There are many recently on here that just received an Angel and I hate to see posts from 2 years ago pop up. I guess I am getting defensive for Bonnie as her pups are wonderful and she puts a lot of love into each and everyone.


----------



## mysugarbears (Aug 13, 2007)

Linda i'm very happy about those that have had *good* experiences with Bonnie and there are some like me that have had *bad* experiences, that will be the case with all or most breeders, some will have a great experience while others have had a not so great experience. I just think that whether the experience be good or bad anyone looking for a new family member should be able to read all experiences not just the glowing ones, that way they can make their own decision.

BTW, the last time my thread was available was March 26th of this year, after March 26th it was no longer available and then mystical magical it reappears after i mention that the threads have disappeared and the thread reappears as being unlocked instead of being locked like it had originally been in November of 2010. 

I'm not here to bash breeders, but when there is a question about a breeder that i have had a *first hand experience *with be it *good* or* bad*,* i will* always bring up my experience, just like i would would also expect others that have had a first hand experience with a breeder to also speak up whether the experience be good or bad and i will also include my thread if it hasn't disappeared again.


----------



## LexiMom (Feb 7, 2012)

Understandable however that was in 2010 - 2 years ago - my experience is recent and that is I why I brought up my point.


----------



## mysugarbears (Aug 13, 2007)

LexiMom said:


> Understandable however that was in 2010 - 2 years ago - my experience is recent and that is I why I brought up my point.


 
That is because some *will not* talk about their experience, maybe because of backlash or it could be because the* threads* are *closed* and sometimes *disappear into oblivion* and then *resurface right out of the blue*, hmmm something just isn't right about that, only those threads with *good experiences stay open* and those about a *negative experience are closed, now why is that?* If you read my thread you will notice that those that post a negative experience about said breeder receive alot of backlash and are basically called liars and ask for their post to be removed because of the backlash from those that have had a good experience. *Fortunately* for me* i don't just sit back* and *stay silent* when a thread is posted about*Here are the rules concerning breeders:

*We are glad to offer information here on SM that can help people purchase from a reputable breeder. 
However, in order to be fair to all concerned, please abide by the following rules. 

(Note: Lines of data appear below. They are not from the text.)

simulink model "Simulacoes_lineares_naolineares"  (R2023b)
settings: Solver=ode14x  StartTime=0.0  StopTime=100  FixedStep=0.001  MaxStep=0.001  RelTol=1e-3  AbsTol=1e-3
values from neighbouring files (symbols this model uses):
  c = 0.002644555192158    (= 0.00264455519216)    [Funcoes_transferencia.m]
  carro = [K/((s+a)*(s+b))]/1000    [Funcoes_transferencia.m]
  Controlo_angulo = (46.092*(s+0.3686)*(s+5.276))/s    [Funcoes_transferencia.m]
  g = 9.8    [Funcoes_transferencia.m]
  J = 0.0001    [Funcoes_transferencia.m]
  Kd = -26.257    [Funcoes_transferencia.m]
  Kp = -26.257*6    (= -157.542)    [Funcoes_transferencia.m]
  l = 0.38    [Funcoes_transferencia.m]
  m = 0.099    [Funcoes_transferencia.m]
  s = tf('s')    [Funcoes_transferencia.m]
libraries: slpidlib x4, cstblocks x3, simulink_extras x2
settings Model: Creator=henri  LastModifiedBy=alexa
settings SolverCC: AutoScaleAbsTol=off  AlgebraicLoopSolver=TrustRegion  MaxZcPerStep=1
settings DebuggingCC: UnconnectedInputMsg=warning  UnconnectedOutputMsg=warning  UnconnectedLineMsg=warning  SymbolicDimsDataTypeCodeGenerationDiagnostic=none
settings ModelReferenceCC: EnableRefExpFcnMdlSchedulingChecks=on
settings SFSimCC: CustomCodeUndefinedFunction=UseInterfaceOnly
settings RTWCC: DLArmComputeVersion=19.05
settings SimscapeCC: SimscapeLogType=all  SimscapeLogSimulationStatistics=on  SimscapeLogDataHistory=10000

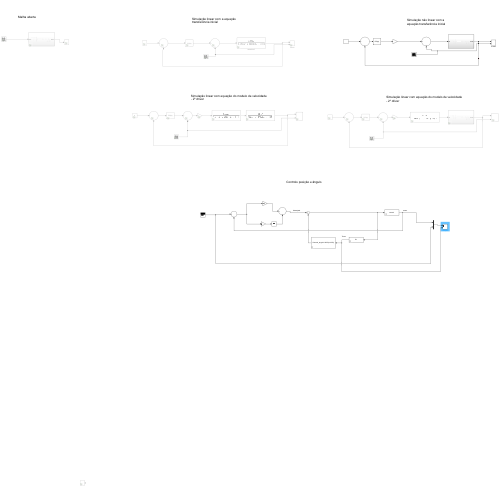
[thumbnail: Simulink's stored preview of the top-level diagram]
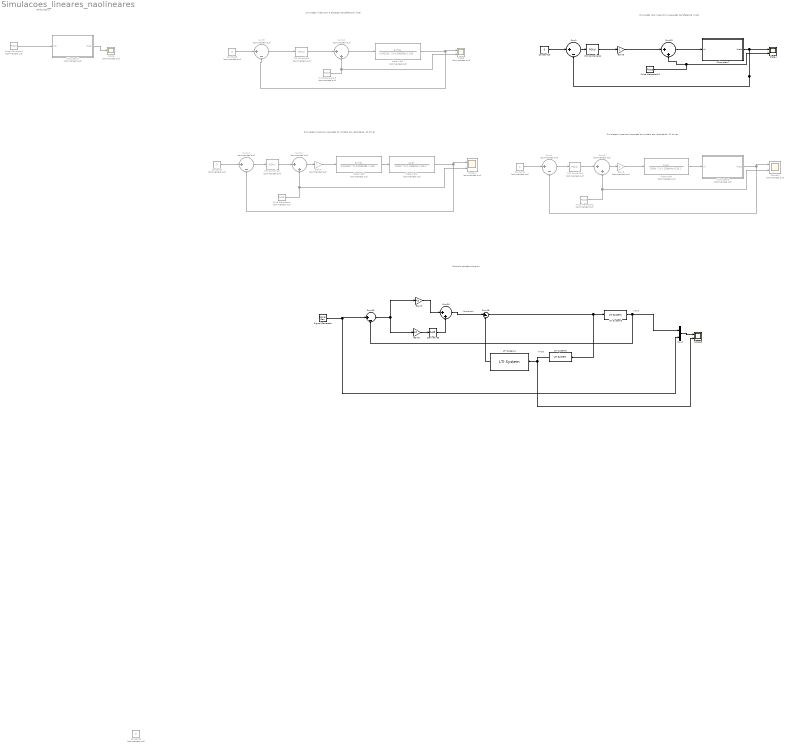
== system Simulacoes_lineares_naolineares ==
  note: Simulação linear com a equação transferência inicial
  note: Malha aberta
  note: Simulação linear com equação do modelo de velocidade - 2º driver
  note: Xdesejado
  note: Theta
  note: xcarro
  note: Controlo posição e ângulo
  note: Simulação não linear com a equação transferência inicial
  note: Simulação linear com equação do modelo de velocidade - 2º driver
  Constant{1,5..6,9} (4 alike) : Constant  Commented=on  Value=0
  Constant10 : Constant  Value=0
  Derivative3 : Derivative
  Gain4 : Gain  Commented=on
  Gain5 : Gain  Gain=Kp
  Gain6 : Gain  Gain=Kd
  Gain8 : Gain
  Gain9 : Gain  Commented=on
  LTI System3 : cstblocks/LTI System  sys=G1  IC=[]  PadeOrder=0
  LTI System4 : cstblocks/LTI System  sys=Controlo_angulo*1000/(s+1000)  IC=[]  PadeOrder=0
  LTI System5 : cstblocks/LTI System  sys=carro/s  IC=[]  PadeOrder=0
  Mux2 : Mux  Inputs=2
  PID Controller1 : slpidlib/PID Controller  Commented=on  Controller=PID  Form=Parallel  TimeDomain=Continuous-time  UseExternalTs=off  SampleTime=-1  IntegratorMethod=Forward Euler  FilterMethod=Forward Euler  ControllerParametersSource=internal  P=260.2  I=89.64  UseKiTs=off  D=46.09  N=1000  UseFilter=on  TunerSelectOption=Frequency Response Based  InitialConditionSource=internal  InitialConditionForIntegrator=0  InitialConditionForFilter=0  DifferentiatorICPrevScaledInput=0  ExternalReset=none  TrackingMode=off  Kt=1  LimitOutput=off  SatLimitsSource=internal  UpperSaturationLimit=inf  LowerSaturationLimit=-inf  LinearizeAsGain=on  AntiWindupMode=none  Kb=1  LimitIntegrator=off  UpperIntegratorSaturationLimit=inf  LowerIntegratorSaturationLimit=-inf  POutMin=[]  POutMax=[]  IOutMin=[]  IOutMax=[]  DOutMin=[]  DOutMax=[]  NOutMin=[]  NOutMax=[]  SumOutMin=[]  SumOutMax=[]  SaturationOutMin=[]  SaturationOutMax=[]  PParamMin=[]  PParamMax=[]  IParamMin=[]  IParamMax=[]  DParamMin=[]  DParamMax=[]  NParamMin=[]  NParamMax=[]  KbParamMin=[]  KbParamMax=[]  KtParamMin=[]  KtParamMax=[]  KbOutMin=[]  KbOutMax=[]  KtOutMin=[]  KtOutMax=[]  IntegratorOutMin=[]  IntegratorOutMax=[]  FilterOutMin=[]  FilterOutMax=[]  SumI1OutMin=[]  SumI1OutMax=[]  SumI2OutMin=[]  SumI2OutMax=[]  SumI3OutMin=[]  SumI3OutMax=[]  SumI4OutMin=[]  SumI4OutMax=[]  SumDOutMin=[]  SumDOutMax=[]  DifferentiatorOutMin=[]  DifferentiatorOutMax=[]  FilterDiffOutCoefMin=[]  FilterDiffOutCoefMax=[]  ReciprocalOutMin=[]  ReciprocalOutMax=[]  SumDenOutMin=[]  SumDenOutMax=[]  SumNumOutMin=[]  SumNumOutMax=[]  DivideOutMin=[]  DivideOutMax=[]  UdiffTsProdOutMin=[]  UdiffTsProdOutMax=[]  NTsProdOutMin=[]  NTsProdOutMax=[]  UintegralTsProdOutMin=[]  UintegralTsProdOutMax=[]  UngainTsProdOutMin=[]  UngainTsProdOutMax=[]  ClampingZeroOutDataTypeStr=Inherit: Inherit via back propagation  ClampingZeroOutMin=[]  ClampingZeroOutMax=[]  FilterDenConstantOutDataTypeStr=Inherit: Inherit via back propagation  FilterDenConstantOutMin=[]  FilterDenConstantOutMax=[]  PCopyOutDataTypeStr=Inherit: Inherit via back propagation  PCopyOutMin=[]  PCopyOutMax=[]  NCopyOutDataTypeStr=Inherit: Inherit via back propagation  NCopyOutMin=[]  NCopyOutMax=[]  IntegratorContinuousStateAttributes='s'  IntegratorStateMustResolveToSignalObject=off  IntegratorRTWStateStorageClass=Auto  FilterContinuousStateAttributes=''  FilterStateMustResolveToSignalObject=off  FilterRTWStateStorageClass=Auto  ParallelPVariant=InternalParameters  IdealPVariant=Disabled  IVariant=InternalParameters  DVariant=InternalParameters  IntegratorVariant=Continuous  SatVariant=Disabled  AWVariant=Passthrough  PCopyVariant=Disabled  TRVariant=Disabled  FdbkBlocksVariant=Forward  IdealPFdbkVariant=Disabled  SatFdbkVariant=Disabled  DerivativeFilterVariant=ContFilter  NVariant=InternalParameters  NCopyVariant=Disabled  FilterICVariant=InternalICsFilter  IntegratorICVariant=InternalICs  ExternalResetVariant=Disabled  TRSumVariant=Passthrough  SumFdbkVariant=Disabled  SumVariant=Sum_PID  TsampFilterVariant=InternalTs  TsampNgainVariant=Passthrough  TsampIntegralVariant=Disabled_SignalSpec  ExternalSaturationOutDataTypeStr=Inherit: Same as second input
  PID Controller11 : slpidlib/PID Controller  Controller=PID  Form=Parallel  TimeDomain=Continuous-time  UseExternalTs=off  SampleTime=-1  IntegratorMethod=Forward Euler  FilterMethod=Forward Euler  ControllerParametersSource=internal  P=1.179  I=3.284  UseKiTs=off  D=0.1053  N=1000  UseFilter=on  TunerSelectOption=Frequency Response Based  InitialConditionSource=internal  InitialConditionForIntegrator=0  InitialConditionForFilter=0  DifferentiatorICPrevScaledInput=0  ExternalReset=none  TrackingMode=off  Kt=1  LimitOutput=off  SatLimitsSource=internal  UpperSaturationLimit=inf  LowerSaturationLimit=-inf  LinearizeAsGain=on  AntiWindupMode=none  Kb=1  LimitIntegrator=off  UpperIntegratorSaturationLimit=inf  LowerIntegratorSaturationLimit=-inf  POutMin=[]  POutMax=[]  IOutMin=[]  IOutMax=[]  DOutMin=[]  DOutMax=[]  NOutMin=[]  NOutMax=[]  SumOutMin=[]  SumOutMax=[]  SaturationOutMin=[]  SaturationOutMax=[]  PParamMin=[]  PParamMax=[]  IParamMin=[]  IParamMax=[]  DParamMin=[]  DParamMax=[]  NParamMin=[]  NParamMax=[]  KbParamMin=[]  KbParamMax=[]  KtParamMin=[]  KtParamMax=[]  KbOutMin=[]  KbOutMax=[]  KtOutMin=[]  KtOutMax=[]  IntegratorOutMin=[]  IntegratorOutMax=[]  FilterOutMin=[]  FilterOutMax=[]  SumI1OutMin=[]  SumI1OutMax=[]  SumI2OutMin=[]  SumI2OutMax=[]  SumI3OutMin=[]  SumI3OutMax=[]  SumI4OutMin=[]  SumI4OutMax=[]  SumDOutMin=[]  SumDOutMax=[]  DifferentiatorOutMin=[]  DifferentiatorOutMax=[]  FilterDiffOutCoefMin=[]  FilterDiffOutCoefMax=[]  ReciprocalOutMin=[]  ReciprocalOutMax=[]  SumDenOutMin=[]  SumDenOutMax=[]  SumNumOutMin=[]  SumNumOutMax=[]  DivideOutMin=[]  DivideOutMax=[]  UdiffTsProdOutMin=[]  UdiffTsProdOutMax=[]  NTsProdOutMin=[]  NTsProdOutMax=[]  UintegralTsProdOutMin=[]  UintegralTsProdOutMax=[]  UngainTsProdOutMin=[]  UngainTsProdOutMax=[]  ClampingZeroOutDataTypeStr=Inherit: Inherit via back propagation  ClampingZeroOutMin=[]  ClampingZeroOutMax=[]  FilterDenConstantOutDataTypeStr=Inherit: Inherit via back propagation  FilterDenConstantOutMin=[]  FilterDenConstantOutMax=[]  PCopyOutDataTypeStr=Inherit: Inherit via back propagation  PCopyOutMin=[]  PCopyOutMax=[]  NCopyOutDataTypeStr=Inherit: Inherit via back propagation  NCopyOutMin=[]  NCopyOutMax=[]  IntegratorContinuousStateAttributes='s'  IntegratorStateMustResolveToSignalObject=off  IntegratorRTWStateStorageClass=Auto  FilterContinuousStateAttributes=''  FilterStateMustResolveToSignalObject=off  FilterRTWStateStorageClass=Auto  ParallelPVariant=InternalParameters  IdealPVariant=Disabled  IVariant=InternalParameters  DVariant=InternalParameters  IntegratorVariant=Continuous  SatVariant=Disabled  AWVariant=Passthrough  PCopyVariant=Disabled  TRVariant=Disabled  FdbkBlocksVariant=Forward  IdealPFdbkVariant=Disabled  SatFdbkVariant=Disabled  DerivativeFilterVariant=ContFilter  NVariant=InternalParameters  NCopyVariant=Disabled  FilterICVariant=InternalICsFilter  IntegratorICVariant=InternalICs  ExternalResetVariant=Disabled  TRSumVariant=Passthrough  SumFdbkVariant=Disabled  SumVariant=Sum_PID  TsampFilterVariant=InternalTs  TsampNgainVariant=Passthrough  TsampIntegralVariant=Disabled_SignalSpec  ExternalSaturationOutDataTypeStr=Inherit: Same as second input
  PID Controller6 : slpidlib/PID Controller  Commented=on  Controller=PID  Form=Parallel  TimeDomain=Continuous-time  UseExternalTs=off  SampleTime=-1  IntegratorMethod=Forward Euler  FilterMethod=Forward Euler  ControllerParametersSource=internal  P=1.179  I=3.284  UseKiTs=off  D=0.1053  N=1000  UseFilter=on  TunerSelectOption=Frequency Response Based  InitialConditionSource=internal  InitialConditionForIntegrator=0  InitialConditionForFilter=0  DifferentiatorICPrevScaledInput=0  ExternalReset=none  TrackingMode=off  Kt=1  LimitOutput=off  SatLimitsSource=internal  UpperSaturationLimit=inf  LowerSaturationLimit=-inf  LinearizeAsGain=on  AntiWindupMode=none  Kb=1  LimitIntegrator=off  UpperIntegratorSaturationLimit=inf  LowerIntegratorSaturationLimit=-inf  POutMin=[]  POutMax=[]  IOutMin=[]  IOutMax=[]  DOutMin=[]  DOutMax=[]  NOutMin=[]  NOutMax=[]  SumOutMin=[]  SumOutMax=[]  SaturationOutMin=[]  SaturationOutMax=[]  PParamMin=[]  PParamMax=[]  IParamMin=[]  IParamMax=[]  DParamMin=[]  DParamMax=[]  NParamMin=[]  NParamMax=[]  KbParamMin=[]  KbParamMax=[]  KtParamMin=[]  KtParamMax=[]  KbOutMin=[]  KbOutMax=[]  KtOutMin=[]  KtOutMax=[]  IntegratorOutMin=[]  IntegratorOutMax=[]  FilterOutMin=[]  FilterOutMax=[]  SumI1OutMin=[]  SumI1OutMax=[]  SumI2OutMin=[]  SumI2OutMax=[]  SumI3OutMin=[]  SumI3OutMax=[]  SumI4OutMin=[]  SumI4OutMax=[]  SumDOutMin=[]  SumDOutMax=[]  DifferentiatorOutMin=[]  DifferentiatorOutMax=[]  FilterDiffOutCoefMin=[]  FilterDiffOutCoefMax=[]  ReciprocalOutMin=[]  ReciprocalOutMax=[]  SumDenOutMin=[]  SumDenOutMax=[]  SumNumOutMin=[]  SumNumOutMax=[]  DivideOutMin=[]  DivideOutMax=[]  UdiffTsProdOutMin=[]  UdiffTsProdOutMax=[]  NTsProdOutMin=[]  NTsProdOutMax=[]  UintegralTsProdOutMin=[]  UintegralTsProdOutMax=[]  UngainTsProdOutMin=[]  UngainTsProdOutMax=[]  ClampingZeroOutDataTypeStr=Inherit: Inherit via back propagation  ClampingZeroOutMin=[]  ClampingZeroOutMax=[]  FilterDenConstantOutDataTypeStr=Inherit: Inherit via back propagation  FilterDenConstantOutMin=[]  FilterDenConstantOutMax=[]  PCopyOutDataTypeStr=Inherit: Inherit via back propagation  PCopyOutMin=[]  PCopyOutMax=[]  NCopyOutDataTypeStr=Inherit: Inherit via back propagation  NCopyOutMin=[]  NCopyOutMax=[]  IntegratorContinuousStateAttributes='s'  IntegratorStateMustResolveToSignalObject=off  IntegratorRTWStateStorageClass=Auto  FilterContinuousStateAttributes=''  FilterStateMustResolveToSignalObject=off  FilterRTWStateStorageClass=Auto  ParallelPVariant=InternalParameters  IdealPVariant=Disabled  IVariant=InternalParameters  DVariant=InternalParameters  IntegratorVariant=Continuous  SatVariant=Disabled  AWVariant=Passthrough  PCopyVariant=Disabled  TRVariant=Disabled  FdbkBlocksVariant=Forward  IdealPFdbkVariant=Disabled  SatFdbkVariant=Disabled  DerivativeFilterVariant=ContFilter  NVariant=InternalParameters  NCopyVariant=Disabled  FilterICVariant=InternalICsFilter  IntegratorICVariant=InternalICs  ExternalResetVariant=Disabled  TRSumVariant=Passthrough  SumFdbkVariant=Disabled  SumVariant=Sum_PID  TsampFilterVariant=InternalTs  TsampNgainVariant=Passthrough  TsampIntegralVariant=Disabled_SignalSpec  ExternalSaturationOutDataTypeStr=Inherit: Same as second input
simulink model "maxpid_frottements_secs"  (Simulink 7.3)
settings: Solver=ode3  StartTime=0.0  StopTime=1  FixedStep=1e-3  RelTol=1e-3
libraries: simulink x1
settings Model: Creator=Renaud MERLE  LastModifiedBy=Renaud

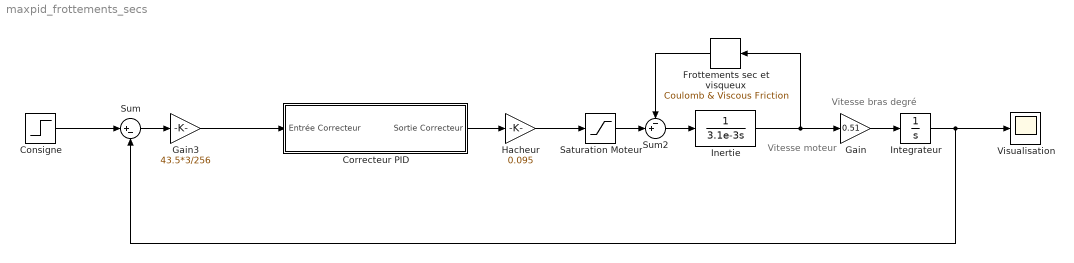
== system maxpid_frottements_secs ==
  note: Vitesse
      | moteur
  note: Vitesse
      | bras degré
  Consigne : Step  Time=0  After=30  SampleTime=0
  Correcteur PID : Subsystem
  Frottements sec et visqueux : simulink/Discontinuities/Coulomb & Viscous Friction  SystemSampleTime=-1  offset=1.5  gain=.075
  Gain : Gain  Gain=0.51  ParameterDataType=fixdt(1, 16)  ParameterScaling=2^0  OutDataType=fixdt(1, 16)  OutScaling=2^0
  Gain3 : Gain  Gain=43.5*3/256  ParameterDataType=fixdt(1, 16)  ParameterScaling=2^0  OutDataType=fixdt(1, 16)  OutScaling=2^0
  Hacheur : Gain  Gain=0.095  ParameterDataType=fixdt(1, 16)  ParameterScaling=2^0  OutDataType=fixdt(1, 16)  OutScaling=2^0
  Inertie : TransferFcn  Denominator=[3.1e-3 0]
  Integrateur : Integrator
  Saturation Moteur : Saturate  UpperLimit=25  LowerLimit=-25  OutDataType=fixdt(1, 16)  OutScaling=2^0
  Sum : Sum  Inputs=|+-  OutDataType=fixdt(1, 16)  OutScaling=2^0
  Sum2 : Sum  Inputs=-+|  OutDataType=fixdt(1, 16)  OutScaling=2^0
  Visualisation : Scope
  wires:
  Consigne/1 -> Sum/1
  Sum/1 -> Gain3/1
  Gain/1 -> Integrateur/1
  Correcteur PID/1(Sortie Correcteur) -> Hacheur/1
  Integrateur/1 -> Sum/2, Visualisation/1
  Hacheur/1 -> Saturation Moteur/1
  Inertie/1 -> Gain/1, Frottements sec et visqueux/1
  Saturation Moteur/1 -> Sum2/2
  Sum2/1 -> Inertie/1
  Gain3/1 -> Correcteur PID/1(Entrée Correcteur)
  Frottements sec et visqueux/1 -> Sum2/1

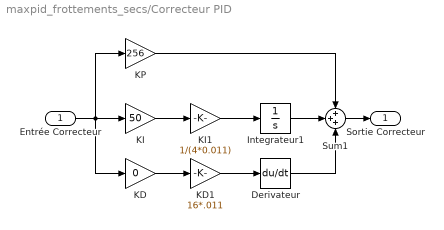
== system maxpid_frottements_secs/Correcteur PID ==
  Entrée Correcteur : Inport
  Derivateur : Derivative
  Integrateur1 : Integrator
  KD : Gain  Gain=0  ParameterDataType=fixdt(1, 16)  ParameterScaling=2^0  OutDataType=fixdt(1, 16)  OutScaling=2^0
  KD1 : Gain  Gain=16*.011  ParameterDataType=fixdt(1, 16)  ParameterScaling=2^0  OutDataType=fixdt(1, 16)  OutScaling=2^0
  KI : Gain  Gain=50  ParameterDataType=fixdt(1, 16)  ParameterScaling=2^0  OutDataType=fixdt(1, 16)  OutScaling=2^0
  KI1 : Gain  Gain=1/(4*0.011)  ParameterDataType=fixdt(1, 16)  ParameterScaling=2^0  OutDataType=fixdt(1, 16)  OutScaling=2^0
  KP : Gain  Gain=256  ParameterDataType=fixdt(1, 16)  ParameterScaling=2^0  OutDataType=fixdt(1, 16)  OutScaling=2^0
  Sum1 : Sum  Inputs=+++  OutDataType=fixdt(1, 16)  OutScaling=2^0
  Sortie Correcteur : Outport
  wires:
  Entrée Correcteur/1 -> KD/1, KP/1, KI/1
  KP/1 -> Sum1/1
  KI/1 -> KI1/1
  KD/1 -> KD1/1
  Integrateur1/1 -> Sum1/2
  Derivateur/1 -> Sum1/3
  KI1/1 -> Integrateur1/1
  KD1/1 -> Derivateur/1
  Sum1/1 -> Sortie Correcteur/1
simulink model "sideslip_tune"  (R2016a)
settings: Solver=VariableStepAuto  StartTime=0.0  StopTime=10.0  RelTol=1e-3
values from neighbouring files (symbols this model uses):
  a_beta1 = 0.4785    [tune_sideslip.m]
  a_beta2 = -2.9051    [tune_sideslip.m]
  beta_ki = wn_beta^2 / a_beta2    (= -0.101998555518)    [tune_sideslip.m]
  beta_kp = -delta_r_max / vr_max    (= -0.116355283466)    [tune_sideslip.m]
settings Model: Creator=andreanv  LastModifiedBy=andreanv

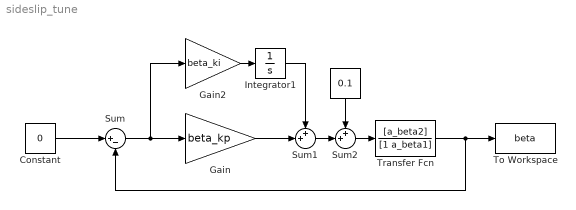
== system sideslip_tune ==
  " " : Constant  Value=0.1
  Constant : Constant  Value=0
  Gain : Gain  Gain=beta_kp
  Gain2 : Gain  Gain=beta_ki
  Integrator1 : Integrator
  Sum : Sum  Inputs=|+-
  Sum1 : Sum  Inputs=++|
  Sum2 : Sum  Inputs=++|
  To Workspace : ToWorkspace  VariableName=beta  SaveFormat=Timeseries  SampleTime=-1
  Transfer Fcn : TransferFcn  Numerator=[a_beta2]  Denominator=[1 a_beta1]
  wires:
  Constant/1 -> Sum/1
  Sum/1 -> Gain2/1, Gain/1
  Sum1/1 -> Sum2/2
  Sum2/1 -> Transfer Fcn/1
  " "/1 -> Sum2/1
  Gain2/1 -> Integrator1/1
  Integrator1/1 -> Sum1/1
  Gain/1 -> Sum1/2
  Transfer Fcn/1 -> Sum/2, To Workspace/1
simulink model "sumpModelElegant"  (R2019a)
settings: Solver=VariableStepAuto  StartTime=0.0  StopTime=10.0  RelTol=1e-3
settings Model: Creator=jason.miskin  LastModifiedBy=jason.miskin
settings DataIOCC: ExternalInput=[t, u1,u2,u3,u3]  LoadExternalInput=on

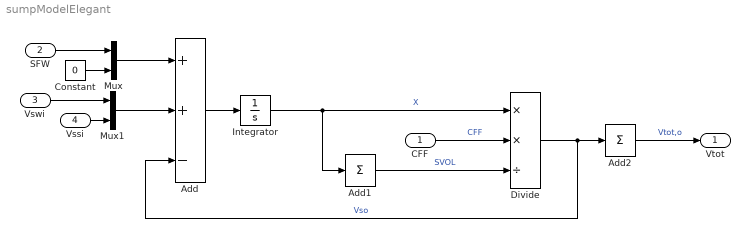
== system sumpModelElegant ==
  CFF : Inport
  SFW : Inport  Port=2
  Vswi : Inport  Port=3
  Vssi : Inport  Port=4
  Add : Sum  Inputs=++-
  Add1 : Sum  Inputs=+
  Add2 : Sum  Inputs=+
  Constant : Constant  Value=0
  Divide : Product  Inputs=**/
  Integrator : Integrator  InitialCondition=[15,15]
  Mux : Mux  Inputs=2
  Mux1 : Mux  Inputs=2
  Vtot : Outport
  wires:
  CFF/1 -> Divide/2  "CFF"
  Add1/1 -> Divide/3  "SVOL"
  Integrator/1 -> Add1/1, Divide/1  "X"
  SFW/1 -> Mux/1
  Vswi/1 -> Mux1/1
  Add/1 -> Integrator/1
  Divide/1 -> Add/3, Add2/1  "Vso"
  Mux/1 -> Add/1
  Constant/1 -> Mux/2
  Vssi/1 -> Mux1/2
  Mux1/1 -> Add/2
  Add2/1 -> Vtot/1  "Vtot,o"

Posts not complying with these rules will be either edited or removed, at the discretion of the Admin/Mod team.

1.* Please only reply if you have first-hand experience with the breeder. 
*2. Do not make speculative posts of what you "think" the situation "might" be.
3. Do not post anything based on what you have heard.
4. Out of courtesy to the original poster, please stay on topic.

It is recommended that those looking for a Malt research any breeder by doing searches here, 
on Google, and to consider who is on or not on the AMA list, AKC list, as well as noting any violations 
on each and every breeder you consider.
 breeders that i've had a first hand experience with, i will speak up be it a good or great experience and also a bad experience. *The rules state that that is allowed as long as it's a first hand experience. Here are the rules on posting about breeders.*


----------



## Lacie's Mom (Oct 11, 2006)

Linda -- thank you for sharing your positive experience with Bonnie Palmer and how happy you are with Cassidy.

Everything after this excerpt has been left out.